> [Work item]
Copy the result of filtering the entries below for lines that include the string "dxfattribs".

> [Stored data]
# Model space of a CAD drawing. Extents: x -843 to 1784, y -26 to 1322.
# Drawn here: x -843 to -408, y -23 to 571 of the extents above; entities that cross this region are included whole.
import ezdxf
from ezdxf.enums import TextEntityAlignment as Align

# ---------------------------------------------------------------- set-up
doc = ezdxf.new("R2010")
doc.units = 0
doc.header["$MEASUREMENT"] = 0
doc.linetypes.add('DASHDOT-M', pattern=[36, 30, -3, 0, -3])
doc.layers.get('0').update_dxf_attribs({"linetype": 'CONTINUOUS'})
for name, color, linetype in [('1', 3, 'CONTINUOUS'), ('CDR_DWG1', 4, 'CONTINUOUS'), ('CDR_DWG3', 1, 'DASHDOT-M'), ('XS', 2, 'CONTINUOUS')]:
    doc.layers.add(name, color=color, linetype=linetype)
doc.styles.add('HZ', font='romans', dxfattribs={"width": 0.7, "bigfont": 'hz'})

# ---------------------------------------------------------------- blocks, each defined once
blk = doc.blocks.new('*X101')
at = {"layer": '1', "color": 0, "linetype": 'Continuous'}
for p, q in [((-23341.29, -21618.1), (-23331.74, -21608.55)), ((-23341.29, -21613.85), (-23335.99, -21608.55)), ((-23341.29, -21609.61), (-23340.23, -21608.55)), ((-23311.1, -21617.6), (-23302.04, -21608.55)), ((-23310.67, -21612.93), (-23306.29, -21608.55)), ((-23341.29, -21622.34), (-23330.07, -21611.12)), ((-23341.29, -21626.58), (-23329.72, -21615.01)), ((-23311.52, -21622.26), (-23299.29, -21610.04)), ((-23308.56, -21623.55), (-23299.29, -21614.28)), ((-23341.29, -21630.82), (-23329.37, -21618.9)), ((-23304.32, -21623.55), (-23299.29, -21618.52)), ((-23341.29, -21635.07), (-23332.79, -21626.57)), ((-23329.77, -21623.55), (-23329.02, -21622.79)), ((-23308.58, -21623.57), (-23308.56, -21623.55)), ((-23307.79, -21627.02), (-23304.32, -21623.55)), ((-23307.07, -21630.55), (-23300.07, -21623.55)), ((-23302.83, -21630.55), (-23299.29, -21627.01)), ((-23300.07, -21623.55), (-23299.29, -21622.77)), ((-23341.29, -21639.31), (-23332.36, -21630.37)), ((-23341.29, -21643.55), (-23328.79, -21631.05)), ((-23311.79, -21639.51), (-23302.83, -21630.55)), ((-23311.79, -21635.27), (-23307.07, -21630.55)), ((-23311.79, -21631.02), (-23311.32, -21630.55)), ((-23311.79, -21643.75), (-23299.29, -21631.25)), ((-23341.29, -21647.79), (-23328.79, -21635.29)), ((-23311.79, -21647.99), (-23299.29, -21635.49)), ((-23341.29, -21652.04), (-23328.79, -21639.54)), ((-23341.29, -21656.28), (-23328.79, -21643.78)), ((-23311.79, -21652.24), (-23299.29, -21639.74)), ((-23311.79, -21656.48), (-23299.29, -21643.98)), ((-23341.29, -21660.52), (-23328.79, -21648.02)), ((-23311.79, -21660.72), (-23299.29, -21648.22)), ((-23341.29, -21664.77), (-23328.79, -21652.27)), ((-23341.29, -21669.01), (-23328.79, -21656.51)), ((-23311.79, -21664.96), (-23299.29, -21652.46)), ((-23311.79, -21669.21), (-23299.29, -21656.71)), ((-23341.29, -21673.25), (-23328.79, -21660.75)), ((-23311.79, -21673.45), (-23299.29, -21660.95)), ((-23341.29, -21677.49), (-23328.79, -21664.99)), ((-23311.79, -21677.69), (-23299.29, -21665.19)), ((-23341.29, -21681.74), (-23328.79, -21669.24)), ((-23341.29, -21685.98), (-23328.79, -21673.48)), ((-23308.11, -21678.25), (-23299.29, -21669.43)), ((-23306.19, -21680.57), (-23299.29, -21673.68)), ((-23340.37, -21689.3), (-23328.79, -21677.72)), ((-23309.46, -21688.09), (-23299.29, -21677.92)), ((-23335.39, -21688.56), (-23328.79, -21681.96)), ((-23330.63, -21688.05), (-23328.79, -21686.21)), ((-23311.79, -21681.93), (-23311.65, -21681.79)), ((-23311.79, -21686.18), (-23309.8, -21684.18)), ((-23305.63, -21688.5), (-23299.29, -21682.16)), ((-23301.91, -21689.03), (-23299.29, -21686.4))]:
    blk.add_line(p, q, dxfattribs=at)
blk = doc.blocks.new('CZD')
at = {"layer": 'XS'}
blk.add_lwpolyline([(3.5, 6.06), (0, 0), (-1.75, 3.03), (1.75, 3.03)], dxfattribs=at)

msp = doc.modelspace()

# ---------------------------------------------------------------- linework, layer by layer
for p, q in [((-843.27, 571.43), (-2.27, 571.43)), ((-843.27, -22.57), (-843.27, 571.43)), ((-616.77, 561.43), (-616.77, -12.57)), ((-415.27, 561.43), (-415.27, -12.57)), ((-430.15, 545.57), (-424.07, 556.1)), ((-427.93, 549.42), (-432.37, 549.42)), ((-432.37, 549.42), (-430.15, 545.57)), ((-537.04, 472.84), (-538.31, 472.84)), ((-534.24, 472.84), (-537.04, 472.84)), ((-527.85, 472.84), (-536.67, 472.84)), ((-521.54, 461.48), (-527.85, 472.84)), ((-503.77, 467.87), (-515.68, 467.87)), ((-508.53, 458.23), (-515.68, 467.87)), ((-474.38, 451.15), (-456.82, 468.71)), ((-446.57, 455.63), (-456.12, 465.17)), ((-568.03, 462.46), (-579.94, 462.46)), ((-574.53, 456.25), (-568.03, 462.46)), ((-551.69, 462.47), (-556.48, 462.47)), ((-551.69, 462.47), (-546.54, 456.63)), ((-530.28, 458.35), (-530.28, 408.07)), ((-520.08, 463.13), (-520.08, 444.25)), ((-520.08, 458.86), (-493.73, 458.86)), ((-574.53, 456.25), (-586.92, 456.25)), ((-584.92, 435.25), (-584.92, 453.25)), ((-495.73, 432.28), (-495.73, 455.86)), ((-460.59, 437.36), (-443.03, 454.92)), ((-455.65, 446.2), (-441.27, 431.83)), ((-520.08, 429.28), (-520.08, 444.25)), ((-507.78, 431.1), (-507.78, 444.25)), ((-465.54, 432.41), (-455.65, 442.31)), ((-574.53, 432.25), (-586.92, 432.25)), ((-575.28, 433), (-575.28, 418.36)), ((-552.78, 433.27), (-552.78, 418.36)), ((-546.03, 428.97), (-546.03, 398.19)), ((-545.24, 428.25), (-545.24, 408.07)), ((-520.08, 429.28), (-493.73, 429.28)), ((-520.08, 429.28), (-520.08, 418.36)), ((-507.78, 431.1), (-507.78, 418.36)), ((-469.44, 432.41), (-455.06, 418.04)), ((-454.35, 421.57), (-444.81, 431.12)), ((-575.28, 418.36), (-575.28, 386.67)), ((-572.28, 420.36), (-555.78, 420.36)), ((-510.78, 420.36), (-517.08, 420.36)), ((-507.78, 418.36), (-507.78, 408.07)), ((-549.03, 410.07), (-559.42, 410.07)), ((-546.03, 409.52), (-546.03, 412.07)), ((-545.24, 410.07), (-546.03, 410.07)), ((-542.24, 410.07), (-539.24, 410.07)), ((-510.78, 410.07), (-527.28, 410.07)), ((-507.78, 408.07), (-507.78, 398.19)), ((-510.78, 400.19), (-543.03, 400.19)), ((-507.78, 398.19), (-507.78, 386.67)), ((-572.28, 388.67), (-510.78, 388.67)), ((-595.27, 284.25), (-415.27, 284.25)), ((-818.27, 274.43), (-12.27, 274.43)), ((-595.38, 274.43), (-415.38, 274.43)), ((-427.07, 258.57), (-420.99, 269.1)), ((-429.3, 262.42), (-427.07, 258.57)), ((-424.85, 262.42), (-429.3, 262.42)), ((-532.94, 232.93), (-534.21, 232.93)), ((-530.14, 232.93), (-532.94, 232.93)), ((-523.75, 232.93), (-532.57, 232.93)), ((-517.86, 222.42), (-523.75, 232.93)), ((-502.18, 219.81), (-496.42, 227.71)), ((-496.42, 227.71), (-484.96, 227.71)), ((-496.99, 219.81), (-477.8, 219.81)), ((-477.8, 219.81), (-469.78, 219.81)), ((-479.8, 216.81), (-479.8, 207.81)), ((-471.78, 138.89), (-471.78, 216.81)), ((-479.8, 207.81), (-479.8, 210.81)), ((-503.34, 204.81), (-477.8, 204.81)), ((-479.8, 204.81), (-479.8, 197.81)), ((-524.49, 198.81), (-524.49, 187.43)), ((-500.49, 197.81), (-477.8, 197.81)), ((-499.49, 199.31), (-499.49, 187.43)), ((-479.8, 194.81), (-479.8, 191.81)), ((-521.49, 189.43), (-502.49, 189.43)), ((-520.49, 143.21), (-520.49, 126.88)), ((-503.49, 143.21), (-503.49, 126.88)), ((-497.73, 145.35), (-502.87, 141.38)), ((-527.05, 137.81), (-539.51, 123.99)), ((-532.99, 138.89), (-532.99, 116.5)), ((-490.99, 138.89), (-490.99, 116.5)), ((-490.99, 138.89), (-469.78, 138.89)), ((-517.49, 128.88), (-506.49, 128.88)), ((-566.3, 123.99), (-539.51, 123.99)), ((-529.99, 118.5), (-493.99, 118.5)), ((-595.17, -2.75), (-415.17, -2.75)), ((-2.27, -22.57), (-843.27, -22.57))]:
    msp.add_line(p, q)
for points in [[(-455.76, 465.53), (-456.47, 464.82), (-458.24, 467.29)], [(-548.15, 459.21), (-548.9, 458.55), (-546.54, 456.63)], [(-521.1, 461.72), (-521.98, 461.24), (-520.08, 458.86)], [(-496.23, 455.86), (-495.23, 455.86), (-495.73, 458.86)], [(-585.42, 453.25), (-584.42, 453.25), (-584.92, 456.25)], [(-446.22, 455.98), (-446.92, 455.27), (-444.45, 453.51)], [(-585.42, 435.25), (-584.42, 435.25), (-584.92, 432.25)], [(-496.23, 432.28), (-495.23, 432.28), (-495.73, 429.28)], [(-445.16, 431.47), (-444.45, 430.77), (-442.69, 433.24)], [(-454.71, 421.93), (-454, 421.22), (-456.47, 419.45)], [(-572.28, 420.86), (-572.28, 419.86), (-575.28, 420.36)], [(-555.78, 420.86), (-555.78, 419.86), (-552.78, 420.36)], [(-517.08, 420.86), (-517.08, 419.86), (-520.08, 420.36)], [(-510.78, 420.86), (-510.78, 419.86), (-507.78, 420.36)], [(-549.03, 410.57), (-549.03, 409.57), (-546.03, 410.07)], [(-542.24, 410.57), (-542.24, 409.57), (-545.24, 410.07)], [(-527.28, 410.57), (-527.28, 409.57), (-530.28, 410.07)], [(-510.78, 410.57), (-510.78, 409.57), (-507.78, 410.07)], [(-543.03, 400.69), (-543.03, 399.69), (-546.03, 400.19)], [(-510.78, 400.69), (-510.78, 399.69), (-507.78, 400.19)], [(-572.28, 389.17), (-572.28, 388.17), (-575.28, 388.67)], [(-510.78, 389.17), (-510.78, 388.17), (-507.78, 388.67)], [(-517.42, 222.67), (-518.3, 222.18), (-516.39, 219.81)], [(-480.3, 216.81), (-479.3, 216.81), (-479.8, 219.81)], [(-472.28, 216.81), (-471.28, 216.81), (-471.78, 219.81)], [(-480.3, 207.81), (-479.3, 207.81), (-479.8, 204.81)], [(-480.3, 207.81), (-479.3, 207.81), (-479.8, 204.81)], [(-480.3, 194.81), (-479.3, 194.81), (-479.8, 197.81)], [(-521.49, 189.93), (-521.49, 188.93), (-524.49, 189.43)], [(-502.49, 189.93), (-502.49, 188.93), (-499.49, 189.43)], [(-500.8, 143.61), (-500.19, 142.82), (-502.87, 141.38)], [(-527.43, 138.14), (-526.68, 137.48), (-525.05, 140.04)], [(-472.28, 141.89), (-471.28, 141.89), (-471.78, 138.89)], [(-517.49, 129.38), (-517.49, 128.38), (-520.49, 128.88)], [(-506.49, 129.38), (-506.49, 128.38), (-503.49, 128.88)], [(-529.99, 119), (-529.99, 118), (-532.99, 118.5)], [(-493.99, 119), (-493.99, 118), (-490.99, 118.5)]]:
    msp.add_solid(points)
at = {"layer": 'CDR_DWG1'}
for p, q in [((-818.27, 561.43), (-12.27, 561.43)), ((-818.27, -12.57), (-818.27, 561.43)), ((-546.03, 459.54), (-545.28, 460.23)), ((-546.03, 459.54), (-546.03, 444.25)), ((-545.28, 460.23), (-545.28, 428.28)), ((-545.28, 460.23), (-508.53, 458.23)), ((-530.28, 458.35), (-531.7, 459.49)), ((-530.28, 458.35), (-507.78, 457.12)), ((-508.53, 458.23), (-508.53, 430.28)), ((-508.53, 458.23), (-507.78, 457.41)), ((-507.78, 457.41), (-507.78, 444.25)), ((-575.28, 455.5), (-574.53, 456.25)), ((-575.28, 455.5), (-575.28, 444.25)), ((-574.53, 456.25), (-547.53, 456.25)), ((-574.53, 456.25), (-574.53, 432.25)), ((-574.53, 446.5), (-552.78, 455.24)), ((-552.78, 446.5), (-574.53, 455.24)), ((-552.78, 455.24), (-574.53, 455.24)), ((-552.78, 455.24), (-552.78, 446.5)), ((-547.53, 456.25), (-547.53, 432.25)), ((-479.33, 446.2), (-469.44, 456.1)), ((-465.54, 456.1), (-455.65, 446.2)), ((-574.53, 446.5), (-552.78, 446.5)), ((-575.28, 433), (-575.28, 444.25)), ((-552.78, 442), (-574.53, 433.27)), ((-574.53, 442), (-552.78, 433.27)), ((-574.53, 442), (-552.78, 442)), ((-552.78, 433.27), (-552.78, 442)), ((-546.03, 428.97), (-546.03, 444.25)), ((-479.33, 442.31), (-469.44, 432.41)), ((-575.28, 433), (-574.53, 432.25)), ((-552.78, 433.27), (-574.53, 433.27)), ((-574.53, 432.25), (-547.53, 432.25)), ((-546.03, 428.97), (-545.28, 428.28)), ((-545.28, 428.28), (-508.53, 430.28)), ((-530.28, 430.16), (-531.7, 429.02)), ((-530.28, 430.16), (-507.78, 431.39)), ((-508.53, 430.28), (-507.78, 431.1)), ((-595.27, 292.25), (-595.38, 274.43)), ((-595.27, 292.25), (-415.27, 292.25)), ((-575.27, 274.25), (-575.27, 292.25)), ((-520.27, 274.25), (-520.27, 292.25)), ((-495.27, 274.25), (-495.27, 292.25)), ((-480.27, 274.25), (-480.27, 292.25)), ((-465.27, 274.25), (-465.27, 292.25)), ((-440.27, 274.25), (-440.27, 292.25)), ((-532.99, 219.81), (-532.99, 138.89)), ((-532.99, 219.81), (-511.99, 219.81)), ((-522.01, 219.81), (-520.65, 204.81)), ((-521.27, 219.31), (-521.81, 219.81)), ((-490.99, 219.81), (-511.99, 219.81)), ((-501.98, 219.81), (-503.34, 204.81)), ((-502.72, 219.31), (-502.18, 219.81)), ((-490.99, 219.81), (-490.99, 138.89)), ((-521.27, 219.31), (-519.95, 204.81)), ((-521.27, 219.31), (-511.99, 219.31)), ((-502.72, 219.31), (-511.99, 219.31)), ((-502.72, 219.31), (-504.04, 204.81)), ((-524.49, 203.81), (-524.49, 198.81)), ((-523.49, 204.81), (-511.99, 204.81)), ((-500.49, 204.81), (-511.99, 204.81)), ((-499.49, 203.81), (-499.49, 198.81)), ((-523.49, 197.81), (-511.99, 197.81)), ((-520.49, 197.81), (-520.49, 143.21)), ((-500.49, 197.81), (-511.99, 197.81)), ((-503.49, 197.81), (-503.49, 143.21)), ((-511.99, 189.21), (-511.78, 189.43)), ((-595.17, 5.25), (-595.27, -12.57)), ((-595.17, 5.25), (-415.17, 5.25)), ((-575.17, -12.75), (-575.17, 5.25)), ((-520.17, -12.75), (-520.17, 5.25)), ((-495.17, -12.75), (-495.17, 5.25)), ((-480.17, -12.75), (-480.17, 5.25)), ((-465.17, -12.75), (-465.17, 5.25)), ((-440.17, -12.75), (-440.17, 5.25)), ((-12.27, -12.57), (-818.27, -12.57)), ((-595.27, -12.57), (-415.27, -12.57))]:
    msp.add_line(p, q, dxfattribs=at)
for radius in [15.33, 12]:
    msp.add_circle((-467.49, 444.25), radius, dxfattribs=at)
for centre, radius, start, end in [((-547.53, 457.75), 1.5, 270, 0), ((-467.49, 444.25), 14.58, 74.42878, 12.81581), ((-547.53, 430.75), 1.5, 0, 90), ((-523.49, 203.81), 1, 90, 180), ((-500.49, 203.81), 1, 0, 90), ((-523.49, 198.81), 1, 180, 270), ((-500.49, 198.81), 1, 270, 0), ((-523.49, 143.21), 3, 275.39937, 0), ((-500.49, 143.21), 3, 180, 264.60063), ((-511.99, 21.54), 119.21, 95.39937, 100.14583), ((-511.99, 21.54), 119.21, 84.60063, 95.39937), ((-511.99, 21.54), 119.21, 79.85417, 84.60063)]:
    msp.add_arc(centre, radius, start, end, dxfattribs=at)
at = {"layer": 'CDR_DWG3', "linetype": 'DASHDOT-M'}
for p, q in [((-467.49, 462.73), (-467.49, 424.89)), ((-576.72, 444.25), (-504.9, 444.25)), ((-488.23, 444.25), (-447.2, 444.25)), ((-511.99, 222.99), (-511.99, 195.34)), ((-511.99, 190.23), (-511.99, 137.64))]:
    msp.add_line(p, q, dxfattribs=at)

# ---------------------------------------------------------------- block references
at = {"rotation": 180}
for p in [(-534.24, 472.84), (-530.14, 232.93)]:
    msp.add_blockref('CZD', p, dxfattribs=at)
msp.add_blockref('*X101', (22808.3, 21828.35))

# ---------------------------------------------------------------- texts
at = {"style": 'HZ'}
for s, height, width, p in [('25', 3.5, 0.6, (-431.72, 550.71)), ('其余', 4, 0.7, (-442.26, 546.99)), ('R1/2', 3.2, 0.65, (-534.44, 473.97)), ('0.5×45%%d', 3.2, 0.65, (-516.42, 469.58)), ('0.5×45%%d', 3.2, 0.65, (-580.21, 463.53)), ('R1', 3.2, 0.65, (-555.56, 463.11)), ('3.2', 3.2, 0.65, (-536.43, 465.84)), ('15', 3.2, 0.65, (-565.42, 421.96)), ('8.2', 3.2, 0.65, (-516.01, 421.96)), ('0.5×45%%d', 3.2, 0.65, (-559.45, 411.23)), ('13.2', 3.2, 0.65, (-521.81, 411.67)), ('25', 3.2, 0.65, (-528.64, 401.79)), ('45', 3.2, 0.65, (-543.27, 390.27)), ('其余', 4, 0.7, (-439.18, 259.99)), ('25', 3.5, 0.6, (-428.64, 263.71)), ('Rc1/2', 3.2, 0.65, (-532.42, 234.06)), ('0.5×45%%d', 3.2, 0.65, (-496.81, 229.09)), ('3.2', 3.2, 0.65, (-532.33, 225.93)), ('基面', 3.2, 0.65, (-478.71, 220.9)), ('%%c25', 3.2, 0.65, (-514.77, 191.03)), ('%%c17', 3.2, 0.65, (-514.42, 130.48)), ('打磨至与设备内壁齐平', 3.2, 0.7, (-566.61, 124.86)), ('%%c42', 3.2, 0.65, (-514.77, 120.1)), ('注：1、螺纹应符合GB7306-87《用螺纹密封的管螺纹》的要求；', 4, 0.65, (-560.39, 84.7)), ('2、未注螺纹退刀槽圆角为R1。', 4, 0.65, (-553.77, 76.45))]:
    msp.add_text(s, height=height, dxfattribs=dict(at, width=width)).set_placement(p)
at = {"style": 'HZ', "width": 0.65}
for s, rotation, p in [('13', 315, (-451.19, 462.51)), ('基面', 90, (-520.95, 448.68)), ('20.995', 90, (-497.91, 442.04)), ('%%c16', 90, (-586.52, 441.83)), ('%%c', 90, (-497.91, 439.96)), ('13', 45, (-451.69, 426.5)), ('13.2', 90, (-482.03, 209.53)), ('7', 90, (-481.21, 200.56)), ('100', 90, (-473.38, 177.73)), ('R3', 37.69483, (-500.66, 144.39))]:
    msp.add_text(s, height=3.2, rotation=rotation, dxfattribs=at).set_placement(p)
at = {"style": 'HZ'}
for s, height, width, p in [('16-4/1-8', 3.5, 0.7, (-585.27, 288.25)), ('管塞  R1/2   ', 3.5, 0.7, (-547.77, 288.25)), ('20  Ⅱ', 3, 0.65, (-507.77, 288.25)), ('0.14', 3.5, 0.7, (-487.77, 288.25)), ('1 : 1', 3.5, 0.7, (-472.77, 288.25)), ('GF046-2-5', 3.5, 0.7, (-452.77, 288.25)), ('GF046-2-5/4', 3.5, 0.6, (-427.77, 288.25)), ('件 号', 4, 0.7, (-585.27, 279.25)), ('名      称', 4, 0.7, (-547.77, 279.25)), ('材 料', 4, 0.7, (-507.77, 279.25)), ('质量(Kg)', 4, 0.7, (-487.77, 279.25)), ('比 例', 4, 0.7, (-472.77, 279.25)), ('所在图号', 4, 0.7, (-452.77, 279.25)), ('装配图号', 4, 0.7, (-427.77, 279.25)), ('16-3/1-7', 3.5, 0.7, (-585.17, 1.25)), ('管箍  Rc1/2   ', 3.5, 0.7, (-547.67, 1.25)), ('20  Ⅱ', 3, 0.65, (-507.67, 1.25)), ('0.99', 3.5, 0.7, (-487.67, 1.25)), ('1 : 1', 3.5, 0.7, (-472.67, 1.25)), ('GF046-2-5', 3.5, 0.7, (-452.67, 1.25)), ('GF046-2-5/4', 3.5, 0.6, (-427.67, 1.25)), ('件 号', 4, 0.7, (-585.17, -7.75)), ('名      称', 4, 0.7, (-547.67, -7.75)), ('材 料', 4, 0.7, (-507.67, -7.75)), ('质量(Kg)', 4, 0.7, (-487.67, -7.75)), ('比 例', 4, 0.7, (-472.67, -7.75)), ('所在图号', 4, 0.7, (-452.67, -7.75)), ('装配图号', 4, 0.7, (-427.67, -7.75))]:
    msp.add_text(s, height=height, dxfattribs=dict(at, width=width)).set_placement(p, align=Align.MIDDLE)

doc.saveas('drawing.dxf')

> [Response below]
doc.styles.add('HZ', font='romans', dxfattribs={"width": 0.7, "bigfont": 'hz'})
    blk.add_line(p, q, dxfattribs=at)
blk.add_lwpolyline([(3.5, 6.06), (0, 0), (-1.75, 3.03), (1.75, 3.03)], dxfattribs=at)
    msp.add_line(p, q, dxfattribs=at)
    msp.add_circle((-467.49, 444.25), radius, dxfattribs=at)
    msp.add_arc(centre, radius, start, end, dxfattribs=at)
    msp.add_line(p, q, dxfattribs=at)
    msp.add_blockref('CZD', p, dxfattribs=at)
    msp.add_text(s, height=height, dxfattribs=dict(at, width=width)).set_placement(p)
    msp.add_text(s, height=3.2, rotation=rotation, dxfattribs=at).set_placement(p)
    msp.add_text(s, height=height, dxfattribs=dict(at, width=width)).set_placement(p, align=Align.MIDDLE)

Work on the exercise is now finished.